# My new kitty



## Breeze (Sep 25, 2017)

Yedterday We bought a new chocolate point registered balinese kitty. Parents are registered apple head balinese.
He is 6 month old. But his eyes are not blue. Any comments on this?


----------



## marie73 (Jul 12, 2006)

Did you get paperwork? Did you ask the sellers about that? Because I've read this on several sites: 



> The Balinese comes in the same point colors as the Siamese: seal, chocolate, blue and lilac. The eyes are always a deep, vivid blue.


But maybe there are exceptions.


----------



## Kelise (Jun 25, 2017)

The eyes do look blue to me... Blue is just an illusion. Blue eyes just have no pigment and the lighting of the room affects how they will appear. Those eyes definitely don't look green or yellow or orange.

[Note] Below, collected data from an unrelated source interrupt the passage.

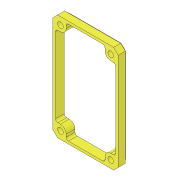
# Autodesk Inventor part: COXA_YAW_ROLL_ADPT_SPACER_2
Saved by Autodesk Inventor 2019.4 (Build 234330000, 330)
## iProperties
Created: 2019-11-06
Part Number: COXA_YAW_ROLL_ADPT_SPACER_2
Material: 一般
Document SubType Name: Modeling
Designer: y6tada
Density: 1 g/cm^3
Appearance: 滑らか - 黄
Author: y6tada
Autodesk Inventor part; units mm, degrees
ref_plane "YZ Plane" through (0, 0, 0) normal (1, 0, 0) x (0, 1, 0)
ref_plane "XZ Plane" through (0, 0, 0) normal (0, 1, 0) x (-1, 0, 0)
ref_plane "XY Plane" through (0, 0, 0) normal (0, 0, 1) x (1, 0, 0)
sketch "スケッチ1" plane through (0, 0, 0) normal (0, 0, 1) x (1, 0, 0)
  line L0 (-12.25, 11.25) -> (12.25, 11.25)
  line L1 (14.25, 9.25) -> (14.25, -33.25)
  line L2 (12.25, -35.25) -> (-12.25, -35.25)
  line L3 (-14.25, -33.25) -> (-14.25, 9.25)
  line L4 (-12.25, 11.25) -> (-14.25, 9.25)
  line L5 (12.25, 11.25) -> (14.25, 9.25)
  line L6 (14.25, -33.25) -> (12.25, -35.25)
  line L7 (-12.25, -35.25) -> (-14.25, -33.25)
  line L8 (0, 0) -> (-26.5626, 0) construction
  line L9 (0, 0) -> (0, 27.9433) construction
  line L10 (-11, 8) -> (11, 8) construction
  line L11 (11, 8) -> (11, -32) construction
  line L12 (11, -32) -> (-11, -32) construction
  line L13 (-11, -32) -> (-11, 8) construction
  line L14 (-13.15, -28.5) -> (-13.15, 4.5)
  line L15 (-7.5, 10.15) -> (7.5, 10.15)
  line L16 (13.15, 4.5) -> (13.15, -28.5)
  line L17 (7.5, -34.15) -> (-7.5, -34.15)
  line L18 (8.5, 8) -> (8.5, 9.15)
  line L19 (11, 5.5) -> (12.15, 5.5)
  arc A0 (8.5, 8) -> (11, 5.5) centre (11, 8) ccw
  line L20 (12.15, -29.5) -> (11, -29.5)
  line L21 (8.5, -32) -> (8.5, -33.15)
  arc A1 (11, -29.5) -> (8.5, -32) centre (11, -32) ccw
  line L22 (-8.5, 8) -> (-8.5, 9.15)
  line L23 (-11, 5.5) -> (-12.15, 5.5)
  arc A2 (-11, 5.5) -> (-8.5, 8) centre (-11, 8) ccw
  line L24 (-12.15, -29.5) -> (-11, -29.5)
  line L25 (-8.5, -32) -> (-8.5, -33.15)
  arc A3 (-8.5, -32) -> (-11, -29.5) centre (-11, -32) ccw
  arc A4 (8.5, 9.15) -> (7.5, 10.15) centre (7.5, 9.15) ccw
  arc A5 (13.15, 4.5) -> (12.15, 5.5) centre (12.15, 4.5) ccw
  arc A6 (12.15, -29.5) -> (13.15, -28.5) centre (12.15, -28.5) ccw
  arc A7 (7.5, -34.15) -> (8.5, -33.15) centre (7.5, -33.15) ccw
  arc A8 (-8.5, -33.15) -> (-7.5, -34.15) centre (-7.5, -33.15) ccw
  arc A9 (-13.15, -28.5) -> (-12.15, -29.5) centre (-12.15, -28.5) ccw
  arc A10 (-12.15, 5.5) -> (-13.15, 4.5) centre (-12.15, 4.5) ccw
  arc A11 (-7.5, 10.15) -> (-8.5, 9.15) centre (-7.5, 9.15) ccw
  point P0 (-14.25, 11.25)
  point P1 (14.25, -35.25)
  point P2 (14.25, 11.25)
  point P3 (-14.25, -35.25)
  point P4 (8.5, 10.15)
  point P5 (13.15, 5.5)
  point P6 (13.15, -29.5)
  point P7 (8.5, -34.15)
  point P8 (-8.5, 10.15)
  point P9 (-13.15, 5.5)
  point P10 (-13.15, -29.5)
  point P11 (-8.5, -34.15)
  dimension "d0" = 2
  dimension "d1" = 2
  dimension "d2" = 2
  dimension "d3" = 2
  dimension "d4" = 2
  dimension "d5" = 2
  dimension "d6" = 2
  dimension "d7" = 2
  dimension "d8" = 28.5
  dimension "d9" = 11.25
  dimension "d10" = 46.5
  dimension "d11" = 8
  dimension "d12" = 22
  dimension "d13" = 40
  dimension "d14" = 1.1
  dimension "d15" = 2.5
  dimension "d16" = 2.5
  dimension "d17" = 1.1
  dimension "d18" = 1.1
  dimension "d19" = 1
  constraints: 52 end point, 24 point on circle, 22 point on line, 20 tangent, 12 centre point, 10 symmetric about line, 7 coincident, 7 equal radius, 6 parallel, 6 perpendicular, 4 horizontal, 1 vertical, 5 other
  measures "d0" distance of L0.start point (-14.25, 11.25)
  measures "d1" distance of L3.end point (-14.25, 11.25)
  measures "d2" distance of L0.end point (14.25, 11.25)
  measures "d3" distance of L1.start point (14.25, 11.25)
  measures "d4" distance of L1.end point (14.25, -35.25)
  measures "d5" distance of L2.start point (14.25, -35.25)
  measures "d6" distance of L2.end point (-14.25, -35.25)
  measures "d7" distance of L3.start point (-14.25, -35.25)
  measures "d8" distance between parallel lines of L1 L3
  measures "d9" distance between parallel lines of L8 L0
  measures "d10" distance between parallel lines of L2 L0
  measures "d11" distance between parallel lines of L8 L10
  measures "d12" distance of L10.start L10.end
  measures "d13" distance of L12.end L10.start
  measures "d14" distance between parallel lines of L2 L17
  measures "d15" radius of A0
  measures "d16" radius of A1
  measures "d17" distance between parallel lines of L15 L0
  measures "d18" distance between parallel lines of L1 L16
  measures "d19" radius of A4
extrude "押し出し1" add sketch "スケッチ1" along normal blind 3.1
hole "穴1" at (-11, 8, 0) at (11, 8, 0) at (11, -32, 0) at (-11, -32, 0) direction (0, 0, 1) diameter 2.5 end through all
sketch "スケッチ3" plane through (0, 0, 0) normal (0, 0, -1) x (-1, 0, 0)
  line L0 (-12.25, 11.25) -> (12.25, 11.25) construction
  line L1 (12.25, 11.25) -> (14.25, 9.25) construction
  line L2 (14.25, 9.25) -> (14.25, -33.25) construction
  line L3 (14.25, -33.25) -> (12.25, -35.25) construction
  line L4 (12.25, -35.25) -> (-12.25, -35.25) construction
  line L5 (-12.25, -35.25) -> (-14.25, -33.25) construction
  line L6 (-14.25, -33.25) -> (-14.25, 9.25) construction
  line L7 (-14.25, 9.25) -> (-12.25, 11.25) construction
  line L8 (11.087, 10.625) -> (-11.087, 10.625)
  line L9 (-11.9911, 10.625) -> (-13.625, 8.9911) construction
  line L10 (-13.625, 8.087) -> (-13.625, -32.087)
  line L11 (-13.625, -32.9911) -> (-11.9911, -34.625) construction
  line L12 (-11.087, -34.625) -> (11.087, -34.625)
  line L13 (11.9911, -34.625) -> (13.625, -32.9911) construction
  line L14 (13.625, -32.087) -> (13.625, 8.087)
  line L15 (13.625, 8.9911) -> (11.9911, 10.625) construction
  line L16 (-13.1857, -33.1476) -> (-12.1476, -34.1857)
  line L17 (12.1476, -34.1857) -> (13.1857, -33.1476)
  line L18 (12.1476, 10.1857) -> (13.1857, 9.1476)
  line L19 (-13.1857, 9.1476) -> (-12.1476, 10.1857)
  arc A0 (-13.1857, 9.1476) -> (-13.625, 8.087) centre (-12.125, 8.087) ccw
  arc A1 (-11.087, 10.625) -> (-12.1476, 10.1857) centre (-11.087, 9.125) ccw
  arc A2 (12.1476, 10.1857) -> (11.087, 10.625) centre (11.087, 9.125) ccw
  arc A3 (13.625, 8.087) -> (13.1857, 9.1476) centre (12.125, 8.087) ccw
  arc A4 (13.1857, -33.1476) -> (13.625, -32.087) centre (12.125, -32.087) ccw
  arc A5 (11.087, -34.625) -> (12.1476, -34.1857) centre (11.087, -33.125) ccw
  arc A6 (-12.1476, -34.1857) -> (-11.087, -34.625) centre (-11.087, -33.125) ccw
  arc A7 (-13.625, -32.087) -> (-13.1857, -33.1476) centre (-12.125, -32.087) ccw
  arc A8 (-12.15, 5.5) -> (-13.15, 4.5) centre (-12.15, 4.5) ccw projected
  line L20 (-12.15, 5.5) -> (-11, 5.5) projected
  arc A9 (-11, 5.5) -> (-8.5, 8) centre (-11, 8) ccw projected
  line L21 (-8.5, 8) -> (-8.5, 9.15) projected
  arc A10 (-7.5, 10.15) -> (-8.5, 9.15) centre (-7.5, 9.15) ccw projected
  line L22 (-7.5, 10.15) -> (7.5, 10.15) projected
  arc A11 (8.5, 9.15) -> (7.5, 10.15) centre (7.5, 9.15) ccw projected
  line L23 (8.5, 9.15) -> (8.5, 8) projected
  arc A12 (8.5, 8) -> (11, 5.5) centre (11, 8) ccw projected
  line L24 (11, 5.5) -> (12.15, 5.5) projected
  arc A13 (13.15, 4.5) -> (12.15, 5.5) centre (12.15, 4.5) ccw projected
  circle A14 centre (11, 8) radius 1.25 projected
  line L25 (13.15, 4.5) -> (13.15, -28.5) projected
  arc A15 (12.15, -29.5) -> (13.15, -28.5) centre (12.15, -28.5) ccw projected
  line L26 (12.15, -29.5) -> (11, -29.5) projected
  arc A16 (11, -29.5) -> (8.5, -32) centre (11, -32) ccw projected
  line L27 (8.5, -32) -> (8.5, -33.15) projected
  arc A17 (7.5, -34.15) -> (8.5, -33.15) centre (7.5, -33.15) ccw projected
  circle A18 centre (11, -32) radius 1.25 projected
  line L28 (7.5, -34.15) -> (-7.5, -34.15) projected
  arc A19 (-8.5, -33.15) -> (-7.5, -34.15) centre (-7.5, -33.15) ccw projected
  line L29 (-8.5, -33.15) -> (-8.5, -32) projected
  arc A20 (-8.5, -32) -> (-11, -29.5) centre (-11, -32) ccw projected
  line L30 (-11, -29.5) -> (-12.15, -29.5) projected
  arc A21 (-13.15, -28.5) -> (-12.15, -29.5) centre (-12.15, -28.5) ccw projected
  circle A22 centre (-11, -32) radius 1.25 projected
  line L31 (-13.15, -28.5) -> (-13.15, 4.5) projected
  circle A23 centre (-11, 8) radius 1.25 projected
  point P0 (0, 0)
  dimension "d30" = 0.625
  dimension "d31" = 1.5
  dimension "d32" = 0.2
  constraints: 24 end point, 16 point on circle, 16 tangent, 8 centre point, 8 point on line, 7 equal radius, 4 parallel, 3 equal length, 7 other
  measures "d30" distance between parallel lines of L0 L8
  measures "d31" radius of A0
  measures "d32" distance between parallel lines of L16 L11
extrude "押し出し2" add sketch "スケッチ3" along normal blind 0.75
equation "\"d1\" = d0"
equation "\"d2\" = d0"
equation "\"d3\" = d2"
equation "\"d4\" = d0"
equation "\"d5\" = d4"
equation "\"d6\" = d0"
equation "\"d7\" = d6"

I found this information online:


> Blue eyes are potentially the most fascinating, as their colour is entirely structural. People with blue eyes have a completely colourless stroma with no pigment at all, and it also contains no excess collagen deposits. This means that all the light that enters it is scattered back into the atmosphere and as a result of the Tyndall effect, creates a blue hue. Interestingly, this means that blue eyes don’t actually have a set colour - it all depends on the amount of light available when you look at them.


----------



## marie73 (Jul 12, 2006)

Cinderella's eyes always looked blue. 











So did Gigi's


----------



## catloverami (Jul 5, 2010)

They look pale blue to me...they may deepen in color as he gets older. Adorable kitty!


----------



## marie73 (Jul 12, 2006)

I think your new kitty would have blue eyes if he lived in San Diego. Send him on over! 

P.S. What's his name?


----------



## Nuliajuk (Oct 25, 2014)

Not all pointed cats have the very deep blue eyes. Our two have very pale eyes, almost silvery grey in some lighting.


----------



## LovingFurballs (Oct 6, 2017)

What is the Tyndall effect?


----------